PROBLEM STATEMENT | Lines before the one containing "#36064 = CARTESIAN_POINT" are left out; that line and all after it, through the end of the records, must be transcribed exactly.

____ EXERCISE MATERIAL

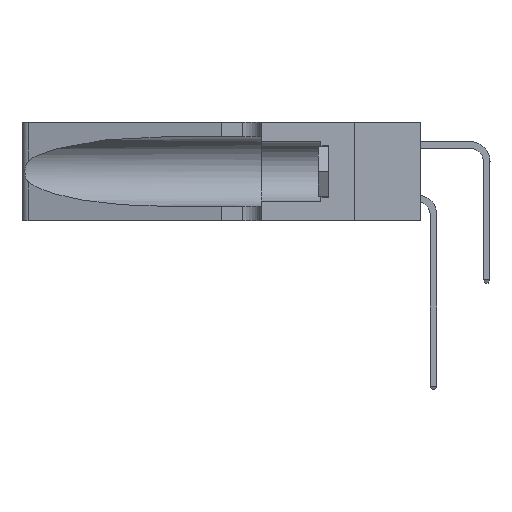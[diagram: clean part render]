
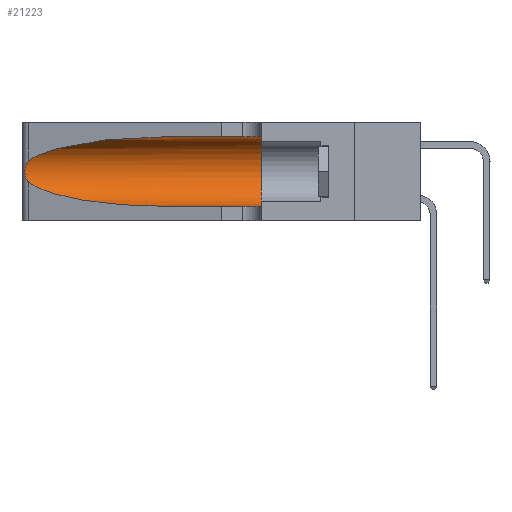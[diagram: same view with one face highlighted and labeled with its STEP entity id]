
A CAD part, left-side view. The second image highlights one B-rep face of the part: STEP entity #21223.
In plain terms, the highlighted cylindrical face has radius 3.308 mm (diameter 6.617 mm), a partial arc.
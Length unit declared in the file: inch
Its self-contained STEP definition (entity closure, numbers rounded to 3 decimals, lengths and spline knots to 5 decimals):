
#1243 = DIRECTION ( 'NONE',  ( 0., -1., 0. ) ) ;
#1526 = CARTESIAN_POINT ( 'NONE',  ( 0.25787, 1.23484, 0.2124 ) ) ;
#2860 = CARTESIAN_POINT ( 'NONE',  ( 0.1305, 0.72297, 0.31525 ) ) ;
#4259 = CARTESIAN_POINT ( 'NONE',  ( 0.1305, 0.35, 0.31525 ) ) ;
#4646 = CARTESIAN_POINT ( 'NONE',  ( 0.26018, 1.23835, 0.19895 ) ) ;
#5392 = EDGE_CURVE ( 'NONE', #9581, #30759, #23481, .T. ) ;
#5579 = CARTESIAN_POINT ( 'NONE',  ( 0.1305, 1.61858, 0.185 ) ) ;
#6573 = VERTEX_POINT ( 'NONE', #27221 ) ;
#7121 = CARTESIAN_POINT ( 'NONE',  ( 0.25487, 1.22718, 0.14631 ) ) ;
#7555 = CARTESIAN_POINT ( 'NONE',  ( 0.25555, 1.22994, 0.2215 ) ) ;
#7688 = CARTESIAN_POINT ( 'NONE',  ( 0.26075, 1.23896, 0.178 ) ) ;
#7708 = VERTEX_POINT ( 'NONE', #22228 ) ;
#7917 = CARTESIAN_POINT ( 'NONE',  ( 0.1305, 0.35, 0.185 ) ) ;
#8610 = DIRECTION ( 'NONE',  ( 0., -1., 0. ) ) ;
#8973 = CARTESIAN_POINT ( 'NONE',  ( 0.2373, 1.15595, 0.28018 ) ) ;
#9089 = B_SPLINE_CURVE_WITH_KNOTS ( 'NONE', 3,
 ( #30851, #7555, #19284, #1526, #22216, #4646, #25169, #7688, #28072, #10667, #30979, #32416, #15508, #35829 ),
 .UNSPECIFIED., .F., .F.,
 ( 4, 2, 2, 2, 2, 2, 4 ),
 ( 0., 0.00027, 0.00053, 0.00107, 0.0016, 0.00187, 0.00214 ),
 .UNSPECIFIED. ) ;
#9581 = VERTEX_POINT ( 'NONE', #4259 ) ;
#10316 = ORIENTED_EDGE ( 'NONE', *, *, #26908, .T. ) ;
#10667 = CARTESIAN_POINT ( 'NONE',  ( 0.25856, 1.23593, 0.16098 ) ) ;
#10898 = DIRECTION ( 'NONE',  ( 0., 0., 1. ) ) ;
#12828 = CARTESIAN_POINT ( 'NONE',  ( 0.25487, 1.22718, 0.14631 ) ) ;
#14348 = CARTESIAN_POINT ( 'NONE',  ( 0.1305, 0.35, 0.05475 ) ) ;
#14918 = AXIS2_PLACEMENT_3D ( 'NONE', #5579, #8610, #34681 ) ;
#15110 = CYLINDRICAL_SURFACE ( 'NONE', #14918, 0.13025 ) ;
#15508 = CARTESIAN_POINT ( 'NONE',  ( 0.25555, 1.22993, 0.14849 ) ) ;
#15738 = CARTESIAN_POINT ( 'NONE',  ( 0.18966, 0.96281, 0.05475 ) ) ;
#15906 = CARTESIAN_POINT ( 'NONE',  ( 0.1305, 0.72297, 0.05475 ) ) ;
#16090 = VECTOR ( 'NONE', #1243, 39.37008 ) ;
#16158 = ORIENTED_EDGE ( 'NONE', *, *, #35165, .T. ) ;
#16712 = VECTOR ( 'NONE', #34319, 39.37008 ) ;
#16898 = CARTESIAN_POINT ( 'NONE',  ( 0.1305, 1.61858, 0.31525 ) ) ;
#17850 = ORIENTED_EDGE ( 'NONE', *, *, #31130, .T. ) ;
#19284 = CARTESIAN_POINT ( 'NONE',  ( 0.25639, 1.23184, 0.21858 ) ) ;
#19825 =( BOUNDED_CURVE ( )  B_SPLINE_CURVE ( 3, ( #12828, #33141, #15738, #36064 ),
 .UNSPECIFIED., .F., .T. ) 
 B_SPLINE_CURVE_WITH_KNOTS ( ( 4, 4 ),
 ( 3.44316, 4.71239 ),
 .UNSPECIFIED. ) 
 CURVE ( )  GEOMETRIC_REPRESENTATION_ITEM ( )  RATIONAL_B_SPLINE_CURVE ( ( 1., 0.87, 0.87, 1. ) ) 
 REPRESENTATION_ITEM ( '' )  );
#20761 = ORIENTED_EDGE ( 'NONE', *, *, #28053, .F. ) ;
#21223 = ADVANCED_FACE ( 'NONE', ( #23777 ), #15110, .F. ) ;
#22216 = CARTESIAN_POINT ( 'NONE',  ( 0.25854, 1.2359, 0.20912 ) ) ;
#22228 = CARTESIAN_POINT ( 'NONE',  ( 0.25487, 1.22718, 0.22369 ) ) ;
#23481 = CIRCLE ( 'NONE', #37497, 0.13025 ) ;
#23777 = FACE_OUTER_BOUND ( 'NONE', #29883, .T. ) ;
#25169 = CARTESIAN_POINT ( 'NONE',  ( 0.26075, 1.23896, 0.19203 ) ) ;
#26908 = EDGE_CURVE ( 'NONE', #6573, #7708, #29371, .T. ) ;
#27221 = CARTESIAN_POINT ( 'NONE',  ( 0.1305, 0.72297, 0.31525 ) ) ;
#28053 = EDGE_CURVE ( 'NONE', #6573, #9581, #31285, .T. ) ;
#28072 = CARTESIAN_POINT ( 'NONE',  ( 0.26017, 1.23833, 0.17102 ) ) ;
#28297 = DIRECTION ( 'NONE',  ( 0., 1., 0. ) ) ;
#29313 = CARTESIAN_POINT ( 'NONE',  ( 0.25487, 1.22718, 0.22369 ) ) ;
#29371 =( BOUNDED_CURVE ( )  B_SPLINE_CURVE ( 3, ( #2860, #35034, #8973, #29313 ),
 .UNSPECIFIED., .F., .T. ) 
 B_SPLINE_CURVE_WITH_KNOTS ( ( 4, 4 ),
 ( 1.5708, 2.84003 ),
 .UNSPECIFIED. ) 
 CURVE ( )  GEOMETRIC_REPRESENTATION_ITEM ( )  RATIONAL_B_SPLINE_CURVE ( ( 1., 0.87, 0.87, 1. ) ) 
 REPRESENTATION_ITEM ( '' )  );
#29751 = VERTEX_POINT ( 'NONE', #7121 ) ;
#29883 = EDGE_LOOP ( 'NONE', ( #10316, #17850, #16158, #36177, #38050, #20761 ) ) ;
#30759 = VERTEX_POINT ( 'NONE', #14348 ) ;
#30851 = CARTESIAN_POINT ( 'NONE',  ( 0.25487, 1.22718, 0.22369 ) ) ;
#30979 = CARTESIAN_POINT ( 'NONE',  ( 0.25789, 1.23486, 0.15765 ) ) ;
#31130 = EDGE_CURVE ( 'NONE', #7708, #29751, #9089, .T. ) ;
#31285 = LINE ( 'NONE', #16898, #16712 ) ;
#31566 = LINE ( 'NONE', #36424, #16090 ) ;
#32416 = CARTESIAN_POINT ( 'NONE',  ( 0.25639, 1.23186, 0.15144 ) ) ;
#33141 = CARTESIAN_POINT ( 'NONE',  ( 0.2373, 1.15595, 0.08982 ) ) ;
#33816 = EDGE_CURVE ( 'NONE', #34568, #30759, #31566, .T. ) ;
#34319 = DIRECTION ( 'NONE',  ( 0., -1., 0. ) ) ;
#34568 = VERTEX_POINT ( 'NONE', #15906 ) ;
#34681 = DIRECTION ( 'NONE',  ( 0., 0., -1. ) ) ;
#35034 = CARTESIAN_POINT ( 'NONE',  ( 0.18966, 0.96281, 0.31525 ) ) ;
#35165 = EDGE_CURVE ( 'NONE', #29751, #34568, #19825, .T. ) ;
#35829 = CARTESIAN_POINT ( 'NONE',  ( 0.25487, 1.22718, 0.14631 ) ) ;
#36064 = CARTESIAN_POINT ( 'NONE',  ( 0.1305, 0.72297, 0.05475 ) ) ;
#36177 = ORIENTED_EDGE ( 'NONE', *, *, #33816, .T. ) ;
#36424 = CARTESIAN_POINT ( 'NONE',  ( 0.1305, 1.61858, 0.05475 ) ) ;
#37497 = AXIS2_PLACEMENT_3D ( 'NONE', #7917, #28297, #10898 ) ;
#38050 = ORIENTED_EDGE ( 'NONE', *, *, #5392, .F. ) ;

________

OUTPUT OF THE TASK |
#36064 = CARTESIAN_POINT ( 'NONE',  ( 0.1305, 0.72297, 0.05475 ) ) ;
#36177 = ORIENTED_EDGE ( 'NONE', *, *, #33816, .T. ) ;
#36424 = CARTESIAN_POINT ( 'NONE',  ( 0.1305, 1.61858, 0.05475 ) ) ;
#37497 = AXIS2_PLACEMENT_3D ( 'NONE', #7917, #28297, #10898 ) ;
#38050 = ORIENTED_EDGE ( 'NONE', *, *, #5392, .F. ) ;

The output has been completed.